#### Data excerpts
* * * *

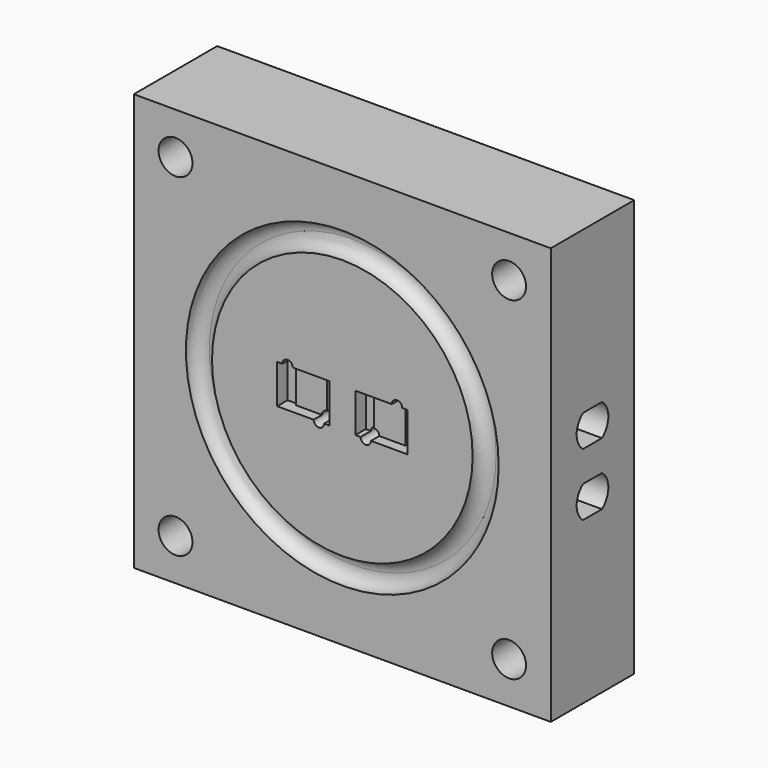
from build123d import *

# Parameters (mm, degrees)
F1_W      = 80
F1_H      = 80
F2_DEPTH  = 20
F4_R      = 3.25
F5_DEPTH  = 20.001
F4_R_2    = 30
F4_R_3    = 25
F6_DEPTH  = 2.5
F7_R      = 2.49999
F4_W      = 2
F4_H      = 3.75
F9_DEPTH  = 2.5
F10_DEPTH = 10
F12_DEPTH = 80.001
F13_DEPTH = 80.0010001
F14_DEPTH = 2


# Not quite as in the source:
# - two fillets or chamfers of one size are made in one step
# - a fillet or chamfer is up to 0.001 mm smaller than in the source, because OpenCascade refuses the exact size


with BuildPart() as f2:
    # F1 (on Front) → F2 (new body)
    with BuildSketch(Plane.XZ):
        with Locations((40, 40)):
            Rectangle(F1_W, F1_H)
    extrude(amount=F2_DEPTH)

    # F4 (on face) → F5 (cut, through all)
    with BuildSketch(Plane.XZ.offset(20)):
        with Locations((72, 8)):
            Circle(F4_R)
        with Locations((8, 8)):
            Circle(F4_R)
        with Locations((8, 72)):
            Circle(F4_R)
        with Locations((72, 72)):
            Circle(F4_R)
    extrude(amount=-F5_DEPTH, mode=Mode.SUBTRACT)

    # F4 (on face) → F6 (cut)
    with BuildSketch(Plane.XZ.offset(20)):
        with Locations((40, 40)):
            Circle(F4_R_2)
        with Locations((40, 40)):
            Circle(F4_R_3, mode=Mode.SUBTRACT)
    extrude(amount=-F6_DEPTH, mode=Mode.SUBTRACT)

    # F7 (radius 2.5 in the source; OpenCascade refuses exactly that, so slightly less here)
    f7_edges = [f2.edges().sort_by_distance(p)[0] for p in [
        (15, -17.5, 40),
        (10, -17.5, 40),
    ]]
    fillet(f7_edges, radius=F7_R)

    # F4 (on face) → F9 (cut)
    with BuildSketch(Plane.XZ.offset(20)):
        with BuildLine():
            Line((28.5, 43.75), (27.5, 43.75))
            Line((27.5, 43.75), (27.5, 40))
            Line((27.5, 40), (29.5, 40))
            Line((29.5, 40), (29.5, 42.75))
            ThreePointArc((29.5, 42.75), (28.7928932188, 43.0428932188), (28.5, 43.75))
        make_face()
        with Locations((28.5, 38.125)):
            Rectangle(F4_W, F4_H)
        with BuildLine():
            ThreePointArc((30.5, 43.75), (29.5, 44.75), (28.5, 43.75))
            Line((28.5, 43.75), (29.5, 43.75))
            Line((29.5, 43.75), (30.5, 43.75))
        make_face()
        with BuildLine():
            Line((52.5, 40), (52.5, 43.75))
            Line((52.5, 43.75), (51.5, 43.75))
            ThreePointArc((51.5, 43.75), (51.2071067812, 43.0428932188), (50.5, 42.75))
            Line((50.5, 42.75), (50.5, 40))
            Line((50.5, 40), (52.5, 40))
        make_face()
        with BuildLine():
            Line((37.5, 36.25), (37.5, 40))
            Line((37.5, 40), (35.5, 40))
            Line((35.5, 40), (35.5, 37.25))
            ThreePointArc((35.5, 37.25), (36.2071067812, 36.9571067812), (36.5, 36.25))
            Line((36.5, 36.25), (37.5, 36.25))
        make_face()
        with Locations((36.5, 41.875)):
            Rectangle(F4_W, F4_H)
        with Locations((43.5, 41.875)):
            Rectangle(F4_W, F4_H)
        with BuildLine():
            Line((44.5, 40), (42.5, 40))
            Line((42.5, 40), (42.5, 36.25))
            Line((42.5, 36.25), (43.5, 36.25))
            ThreePointArc((43.5, 36.25), (43.7928932188, 36.9571067812), (44.5, 37.25))
            Line((44.5, 37.25), (44.5, 40))
        make_face()
        with Locations((51.5, 38.125)):
            Rectangle(F4_W, F4_H)
        with BuildLine():
            Line((50.5, 43.75), (51.5, 43.75))
            ThreePointArc((51.5, 43.75), (50.5, 44.75), (49.5, 43.75))
            Line((49.5, 43.75), (50.5, 43.75))
        make_face()
        with BuildLine():
            ThreePointArc((36.5, 36.25), (36.2071067812, 36.9571067812), (35.5, 37.25))
            Line((35.5, 37.25), (35.5, 36.25))
            Line((35.5, 36.25), (36.5, 36.25))
        make_face()
        with BuildLine():
            Line((44.5, 36.25), (44.5, 37.25))
            ThreePointArc((44.5, 37.25), (43.7928932188, 36.9571067812), (43.5, 36.25))
            Line((43.5, 36.25), (44.5, 36.25))
        make_face()
    extrude(amount=-F9_DEPTH, mode=Mode.SUBTRACT)

    # F4 (on face) → F10 (cut)
    with BuildSketch(Plane.XZ.offset(20)):
        with BuildLine():
            ThreePointArc((30.5, 43.75), (29.5, 44.75), (28.5, 43.75))
            Line((28.5, 43.75), (29.5, 43.75))
            Line((29.5, 43.75), (30.5, 43.75))
        make_face()
        with BuildLine():
            Line((29.5, 43.75), (28.5, 43.75))
            ThreePointArc((28.5, 43.75), (28.7928932188, 43.0428932188), (29.5, 42.75))
            Line((29.5, 42.75), (29.5, 43.75))
        make_face()
        with BuildLine():
            Line((30.5, 43.75), (29.5, 43.75))
            Line((29.5, 43.75), (29.5, 42.75))
            ThreePointArc((29.5, 42.75), (30.2071067812, 43.0428932188), (30.5, 43.75))
        make_face()
        with BuildLine():
            Line((35.5, 36.25), (35.5, 37.25))
            ThreePointArc((35.5, 37.25), (34.7928932188, 36.9571067812), (34.5, 36.25))
            Line((34.5, 36.25), (35.5, 36.25))
        make_face()
        with BuildLine():
            ThreePointArc((36.5, 36.25), (36.2071067812, 36.9571067812), (35.5, 37.25))
            Line((35.5, 37.25), (35.5, 36.25))
            Line((35.5, 36.25), (36.5, 36.25))
        make_face()
        with BuildLine():
            ThreePointArc((34.5, 36.25), (35.5, 35.25), (36.5, 36.25))
            Line((36.5, 36.25), (35.5, 36.25))
            Line((35.5, 36.25), (34.5, 36.25))
        make_face()
        with BuildLine():
            Line((44.5, 36.25), (44.5, 37.25))
            ThreePointArc((44.5, 37.25), (43.7928932188, 36.9571067812), (43.5, 36.25))
            Line((43.5, 36.25), (44.5, 36.25))
        make_face()
        with BuildLine():
            ThreePointArc((45.5, 36.25), (45.2071067812, 36.9571067812), (44.5, 37.25))
            Line((44.5, 37.25), (44.5, 36.25))
            Line((44.5, 36.25), (45.5, 36.25))
        make_face()
        with BuildLine():
            Line((44.5, 36.25), (43.5, 36.25))
            ThreePointArc((43.5, 36.25), (44.5, 35.25), (45.5, 36.25))
            Line((45.5, 36.25), (44.5, 36.25))
        make_face()
        with BuildLine():
            Line((50.5, 43.75), (51.5, 43.75))
            ThreePointArc((51.5, 43.75), (50.5, 44.75), (49.5, 43.75))
            Line((49.5, 43.75), (50.5, 43.75))
        make_face()
        with BuildLine():
            Line((50.5, 42.75), (50.5, 43.75))
            Line((50.5, 43.75), (49.5, 43.75))
            ThreePointArc((49.5, 43.75), (49.7928932188, 43.0428932188), (50.5, 42.75))
        make_face()
        with BuildLine():
            ThreePointArc((50.5, 42.75), (51.2071067812, 43.0428932188), (51.5, 43.75))
            Line((51.5, 43.75), (50.5, 43.75))
            Line((50.5, 43.75), (50.5, 42.75))
        make_face()
    extrude(amount=-F10_DEPTH, mode=Mode.SUBTRACT)

    # F11 (on face) → F12 (cut, through all)
    with BuildSketch(Plane(origin=(0, 0, 0), x_dir=(0, -1, 0), z_dir=(-1, 0, 0))):
        with BuildLine():
            ThreePointArc((12.2666053913, 42.95), (13.3950773546, 44.293116947), (13.8, 46))
            ThreePointArc((13.8, 46), (13.3950773546, 47.706883053), (12.2666053913, 49.05))
            Line((12.2666053913, 49.05), (7.7333946087, 49.05))
            ThreePointArc((7.7333946087, 49.05), (6.2, 46), (7.7333946087, 42.95))
            Line((7.7333946087, 42.95), (12.2666053913, 42.95))
        make_face()
    extrude(amount=-F12_DEPTH, mode=Mode.SUBTRACT)

    # F11 (on face) → F13 (cut, through all)
    with BuildSketch(Plane(origin=(0, 0, 0), x_dir=(0, -1, 0), z_dir=(-1, 0, 0))):
        with BuildLine():
            ThreePointArc((12.2666053913, 42.95), (13.3950773546, 44.293116947), (13.8, 46))
            ThreePointArc((13.8, 46), (13.3950773546, 47.706883053), (12.2666053913, 49.05))
            Line((12.2666053913, 49.05), (7.7333946087, 49.05))
            ThreePointArc((7.7333946087, 49.05), (6.2, 46), (7.7333946087, 42.95))
            Line((7.7333946087, 42.95), (12.2666053913, 42.95))
        make_face()
        with BuildLine():
            ThreePointArc((12.2666053913, 30.95), (13.3950773546, 32.293116947), (13.8, 34))
            ThreePointArc((13.8, 34), (13.3950773546, 35.706883053), (12.2666053913, 37.05))
            Line((12.2666053913, 37.05), (7.7333946087, 37.05))
            ThreePointArc((7.7333946087, 37.05), (6.2, 34), (7.7333946087, 30.95))
            Line((7.7333946087, 30.95), (12.2666053913, 30.95))
        make_face()
    extrude(amount=-F13_DEPTH, mode=Mode.SUBTRACT)

    # F4 (on face) → F14 (cut)
    with BuildSketch(Plane.XZ.offset(20)):
        with BuildLine():
            Line((29.5, 42.75), (29.5, 40))
            Line((29.5, 40), (35.5, 40))
            Line((35.5, 40), (35.5, 43.75))
            Line((35.5, 43.75), (30.5, 43.75))
            ThreePointArc((30.5, 43.75), (30.2071067812, 43.0428932188), (29.5, 42.75))
        make_face()
        with BuildLine():
            Line((35.5, 40), (29.5, 40))
            Line((29.5, 40), (29.5, 36.25))
            Line((29.5, 36.25), (34.5, 36.25))
            ThreePointArc((34.5, 36.25), (34.7928932188, 36.9571067812), (35.5, 37.25))
            Line((35.5, 37.25), (35.5, 40))
        make_face()
        with BuildLine():
            Line((44.5, 43.75), (44.5, 40))
            Line((44.5, 40), (50.5, 40))
            Line((50.5, 40), (50.5, 42.75))
            ThreePointArc((50.5, 42.75), (49.7928932188, 43.0428932188), (49.5, 43.75))
            Line((49.5, 43.75), (44.5, 43.75))
        make_face()
        with BuildLine():
            Line((50.5, 40), (44.5, 40))
            Line((44.5, 40), (44.5, 37.25))
            ThreePointArc((44.5, 37.25), (45.2071067812, 36.9571067812), (45.5, 36.25))
            Line((45.5, 36.25), (50.5, 36.25))
            Line((50.5, 36.25), (50.5, 40))
        make_face()
    extrude(amount=-F14_DEPTH, mode=Mode.SUBTRACT)


solid = f2.part

* * * *

#### Problem
Could you return exactly the lines above from the line with "Line((35.5, 40), (35.5, 43.75))" to the line with "Line((29.5, 40), (29.5, 36.25))", both included, and nothing else?

#### Response to the exercise
            Line((35.5, 40), (35.5, 43.75))
            Line((35.5, 43.75), (30.5, 43.75))
            ThreePointArc((30.5, 43.75), (30.2071067812, 43.0428932188), (29.5, 42.75))
        make_face()
        with BuildLine():
            Line((35.5, 40), (29.5, 40))
            Line((29.5, 40), (29.5, 36.25))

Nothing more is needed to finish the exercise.